As soon as I got home, I jumped on the internet. The internet can be a scary thing when researching medical stuff but in this case it saved my daughter. I found infantilescoliosis.org  pretty quickly and started reading stories and learning about Early Intervention and Mehta casting. I did more research and I joined an online group for parent with kids with scoliosis. I posted my daughters story on the group and was looking for help. I was lost and didn’t know what to do but the wait and see approach was not setting well with me. Within a few hours of posting, I was contacted by another mom personally by email. She gave me a ton of info on Shriner’s Hospital in Chicago and hooked me up with an amazing group of women and families all going through EDF/Mehta casting at Shriner’s Chicago. I was floored, scared and excited. We immediately sent in our application to Shriner’s Hospital and were thrilled when we got an appointment for September 2010.

The doctor at Shriner’s reviewed her x-rays and MRI films and agreed that Kiya’s scoliosis would likely not improve on its own and she was a good candidate for casting. He said given that she has no neurological issues, we should see excellent results. It was a long appointment but in a weird way we got the answers we were looking for. We waited for a cast date. After 1 week of waiting for a cast date, I called the nurse to follow up. She contacted the OR scheduling person and the next day we go the call. We had a cast date of September 14th. We had 4 days notice. I was freaking out and frantically trying to mentally and physically prepare.

Cast day arrived and we were scared but knew we were doing the right thing. We truly believe we had the best first cast day ever because we shared it with two amazing families that I had gotten to “know” via the online group and facebook and because the staff at Shriner’s Chicago are simply amazing. I am not going to lie, a lot of tears were shed that day but we all survived. Kiya is a fighter for sure. She was mad at first but she recovered and did great.

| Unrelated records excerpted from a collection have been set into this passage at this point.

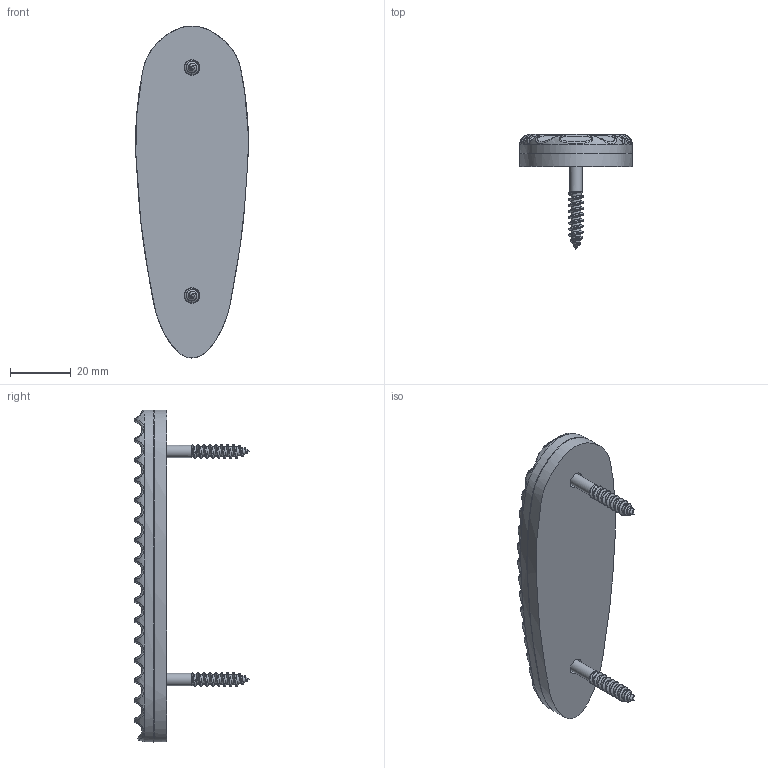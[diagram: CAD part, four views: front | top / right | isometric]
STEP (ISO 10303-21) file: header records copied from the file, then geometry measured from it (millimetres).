
FILE_DESCRIPTION(/* description */ (''),/* implementation_level */ '2;1');
FILE_NAME(/* name */ 'Stock Endplate v4.step',/* time_stamp */ '2020-08-21T23:40:40-04:00',/* author */ (''),/* organization */ (''),/* preprocessor_version */ 'ST-DEVELOPER v18.1',/* originating_system */ 'Autodesk Translation Framework v9.3.0.1241',/* authorisation */ '');
FILE_SCHEMA (('AUTOMOTIVE_DESIGN { 1 0 10303 214 3 1 1 }'));
Length unit declared in the file: millimetre
Products named in the file (3): Stock Endplate; 93360A609; Endplate
Assembly tree (3 placements, depth 2):
  Stock Endplate
    93360A609  x2
    Endplate
Bounding box: 37.27 x 38.08 x 109.75 mm (x, y, z)
Volume: 28632.9 mm3; surface area: 11292.8 mm2
Topology: 3 solids, 3 shells, 236 faces, 567 edges, 339 vertices
Faces by surface type: cylinder 78, plane 65, bspline 53, cone 16, sphere 14, torus 10
Full cylindrical faces by diameter (mm): 3.258 x12, 4.042 x2, 5.2 x2, 9.271 x2, 10.271 x2
Entity records: 15123 total; most frequent: CARTESIAN_POINT 11123, ORIENTED_EDGE 874, DIRECTION 730, EDGE_CURVE 437, AXIS2_PLACEMENT_3D 298, VERTEX_POINT 256, EDGE_LOOP 193, FACE_OUTER_BOUND 187
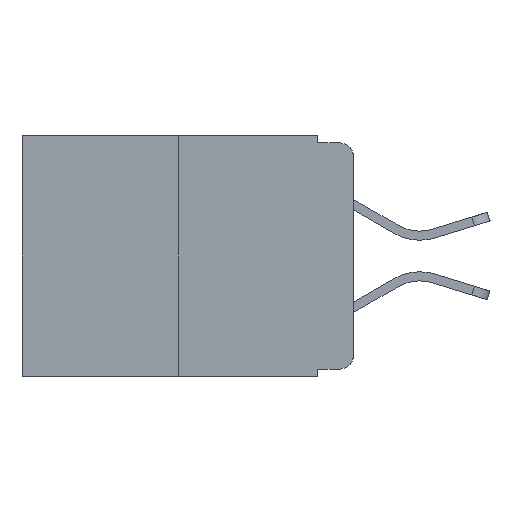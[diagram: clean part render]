
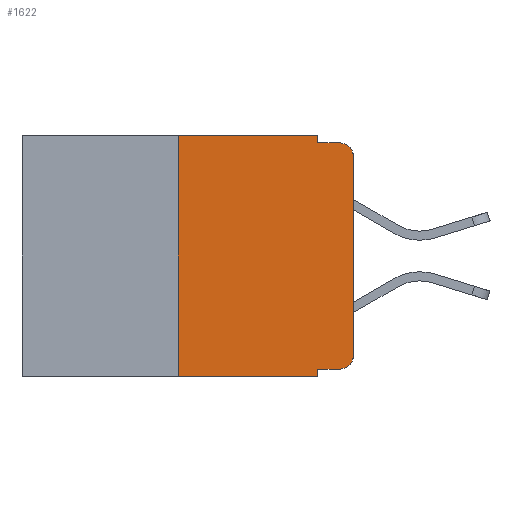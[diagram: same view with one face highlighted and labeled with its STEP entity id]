
A CAD part, left-side view. The second image highlights one B-rep face of the part: STEP entity #1622.
In plain terms, the highlighted planar face has unit normal (-1, 0, 0).
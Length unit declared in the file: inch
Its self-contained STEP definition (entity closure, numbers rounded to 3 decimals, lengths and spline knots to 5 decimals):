
#77 = EDGE_CURVE ( 'NONE', #1689, #14323, #3741, .T. ) ;
#294 = VERTEX_POINT ( 'NONE', #11236 ) ;
#345 = LINE ( 'NONE', #12860, #3351 ) ;
#497 = CARTESIAN_POINT ( 'NONE',  ( 0., 0.051, -0.01 ) ) ;
#552 = DIRECTION ( 'NONE',  ( 0., 0., -1. ) ) ;
#700 = EDGE_LOOP ( 'NONE', ( #6934, #5984, #2769, #6680, #14550, #9730, #14136, #12550, #9429, #5601 ) ) ;
#755 = DIRECTION ( 'NONE',  ( 0., 0., 1. ) ) ;
#940 = EDGE_CURVE ( 'NONE', #14190, #14323, #4107, .T. ) ;
#1163 = CARTESIAN_POINT ( 'NONE',  ( 0., 0., 0. ) ) ;
#1469 = VECTOR ( 'NONE', #4855, 39.37008 ) ;
#1586 = CARTESIAN_POINT ( 'NONE',  ( 0., 0.25, 0. ) ) ;
#1622 = ADVANCED_FACE ( 'NONE', ( #3888 ), #6468, .F. ) ;
#1689 = VERTEX_POINT ( 'NONE', #3644 ) ;
#1767 = VERTEX_POINT ( 'NONE', #11448 ) ;
#1780 = EDGE_CURVE ( 'NONE', #2719, #14190, #4891, .T. ) ;
#1844 = CARTESIAN_POINT ( 'NONE',  ( 0., 0.051, 0. ) ) ;
#1898 = CARTESIAN_POINT ( 'NONE',  ( 0., 0.25, -0.343 ) ) ;
#2032 = CARTESIAN_POINT ( 'NONE',  ( 0., 0.051, -0.01 ) ) ;
#2066 = DIRECTION ( 'NONE',  ( 0., -1., 0. ) ) ;
#2112 = CARTESIAN_POINT ( 'NONE',  ( 0., 0.02, -0.01 ) ) ;
#2719 = VERTEX_POINT ( 'NONE', #1844 ) ;
#2769 = ORIENTED_EDGE ( 'NONE', *, *, #940, .F. ) ;
#2843 = VECTOR ( 'NONE', #2066, 39.37008 ) ;
#2878 = DIRECTION ( 'NONE',  ( 0., 0., 1. ) ) ;
#3039 = LINE ( 'NONE', #9842, #15328 ) ;
#3123 = AXIS2_PLACEMENT_3D ( 'NONE', #6343, #5434, #5468 ) ;
#3351 = VECTOR ( 'NONE', #7036, 39.37008 ) ;
#3510 = EDGE_CURVE ( 'NONE', #7268, #1689, #7474, .T. ) ;
#3644 = CARTESIAN_POINT ( 'NONE',  ( 0., 0., -0.03 ) ) ;
#3741 = CIRCLE ( 'NONE', #15066, 0.02 ) ;
#3836 = EDGE_CURVE ( 'NONE', #294, #7268, #14677, .T. ) ;
#3888 = FACE_OUTER_BOUND ( 'NONE', #700, .T. ) ;
#4107 = LINE ( 'NONE', #2032, #7081 ) ;
#4135 = CARTESIAN_POINT ( 'NONE',  ( 0., 0., -0.313 ) ) ;
#4855 = DIRECTION ( 'NONE',  ( 0., 0., -1. ) ) ;
#4891 = LINE ( 'NONE', #12614, #1469 ) ;
#5050 = VECTOR ( 'NONE', #5598, 39.37008 ) ;
#5434 = DIRECTION ( 'NONE',  ( -1., 0., 0. ) ) ;
#5449 = LINE ( 'NONE', #5538, #5050 ) ;
#5468 = DIRECTION ( 'NONE',  ( 0., 0., -1. ) ) ;
#5538 = CARTESIAN_POINT ( 'NONE',  ( 0., 0.473, -0.343 ) ) ;
#5598 = DIRECTION ( 'NONE',  ( 0., -1., 0. ) ) ;
#5601 = ORIENTED_EDGE ( 'NONE', *, *, #3836, .T. ) ;
#5611 = LINE ( 'NONE', #1586, #11523 ) ;
#5984 = ORIENTED_EDGE ( 'NONE', *, *, #77, .T. ) ;
#6321 = EDGE_CURVE ( 'NONE', #8822, #11877, #5449, .T. ) ;
#6343 = CARTESIAN_POINT ( 'NONE',  ( 0., 0.02, -0.313 ) ) ;
#6468 = PLANE ( 'NONE',  #10013 ) ;
#6680 = ORIENTED_EDGE ( 'NONE', *, *, #1780, .F. ) ;
#6934 = ORIENTED_EDGE ( 'NONE', *, *, #3510, .T. ) ;
#7036 = DIRECTION ( 'NONE',  ( 0., 0., -1. ) ) ;
#7081 = VECTOR ( 'NONE', #9020, 39.37008 ) ;
#7268 = VERTEX_POINT ( 'NONE', #4135 ) ;
#7474 = LINE ( 'NONE', #1163, #13274 ) ;
#8026 = EDGE_CURVE ( 'NONE', #8822, #1767, #5611, .T. ) ;
#8822 = VERTEX_POINT ( 'NONE', #1898 ) ;
#8839 = EDGE_CURVE ( 'NONE', #14935, #11877, #345, .T. ) ;
#9020 = DIRECTION ( 'NONE',  ( 0., -1., 0. ) ) ;
#9337 = DIRECTION ( 'NONE',  ( 1., 0., 0. ) ) ;
#9429 = ORIENTED_EDGE ( 'NONE', *, *, #15105, .T. ) ;
#9441 = LINE ( 'NONE', #14095, #2843 ) ;
#9730 = ORIENTED_EDGE ( 'NONE', *, *, #8026, .F. ) ;
#9801 = CARTESIAN_POINT ( 'NONE',  ( 0., 0.02, -0.03 ) ) ;
#9842 = CARTESIAN_POINT ( 'NONE',  ( 0., 0.051, -0.333 ) ) ;
#10013 = AXIS2_PLACEMENT_3D ( 'NONE', #10374, #9337, #552 ) ;
#10374 = CARTESIAN_POINT ( 'NONE',  ( 0., 0.473, 0. ) ) ;
#11236 = CARTESIAN_POINT ( 'NONE',  ( 0., 0.02, -0.333 ) ) ;
#11448 = CARTESIAN_POINT ( 'NONE',  ( 0., 0.25, 0. ) ) ;
#11523 = VECTOR ( 'NONE', #2878, 39.37008 ) ;
#11860 = CARTESIAN_POINT ( 'NONE',  ( 0., 0.051, -0.333 ) ) ;
#11877 = VERTEX_POINT ( 'NONE', #14033 ) ;
#12169 = DIRECTION ( 'NONE',  ( 0., -1., 0. ) ) ;
#12291 = DIRECTION ( 'NONE',  ( 0., 0., -1. ) ) ;
#12550 = ORIENTED_EDGE ( 'NONE', *, *, #8839, .F. ) ;
#12614 = CARTESIAN_POINT ( 'NONE',  ( 0., 0.051, 0. ) ) ;
#12860 = CARTESIAN_POINT ( 'NONE',  ( 0., 0.051, 0. ) ) ;
#13220 = DIRECTION ( 'NONE',  ( -1., 0., 0. ) ) ;
#13274 = VECTOR ( 'NONE', #755, 39.37008 ) ;
#14033 = CARTESIAN_POINT ( 'NONE',  ( 0., 0.051, -0.343 ) ) ;
#14095 = CARTESIAN_POINT ( 'NONE',  ( 0., 0.473, 0. ) ) ;
#14136 = ORIENTED_EDGE ( 'NONE', *, *, #6321, .T. ) ;
#14190 = VERTEX_POINT ( 'NONE', #497 ) ;
#14323 = VERTEX_POINT ( 'NONE', #2112 ) ;
#14550 = ORIENTED_EDGE ( 'NONE', *, *, #15338, .F. ) ;
#14677 = CIRCLE ( 'NONE', #3123, 0.02 ) ;
#14935 = VERTEX_POINT ( 'NONE', #11860 ) ;
#15066 = AXIS2_PLACEMENT_3D ( 'NONE', #9801, #13220, #12291 ) ;
#15105 = EDGE_CURVE ( 'NONE', #14935, #294, #3039, .T. ) ;
#15328 = VECTOR ( 'NONE', #12169, 39.37008 ) ;
#15338 = EDGE_CURVE ( 'NONE', #1767, #2719, #9441, .T. ) ;

Her out of cast x-rays showed her curve had progressed to 50+ degrees in the 2 months since she was last x-rayed. The doctor’s were able to get her down to 15 degrees in cast. I was thrilled and so relieved that we didn’t wait until October to determine a treatment plan. It took a few days for Kiya to adjust but she was back to her silly, sassy self in no time. She was 21 months old at the time of first casting. She also now wears a pair of Sure Step ankle supports as she was rolling in on her ankles while standing/walking hence she hadn’t started to fully walk on her own yet.

As of writing this, we are just over 2 weeks into our first cast and 1 week + in her ankle supports and Kiya is doing great. She has now qualified for physical therapy for our state’s Birth to 3 program. Her therapist just saw her and is thrilled with her progress. She feels it won’t be much longer before we have a walking/running/jumping toddler on our hands.

We know we are at the beginning of this journey but we are so grateful to have found such incredible resources because we got a few months head start on treatment for our daughter and truly have made lifelong friends. No I take that back, we have gained family members because one sweet woman read my post and reached out to me. I am forever grateful.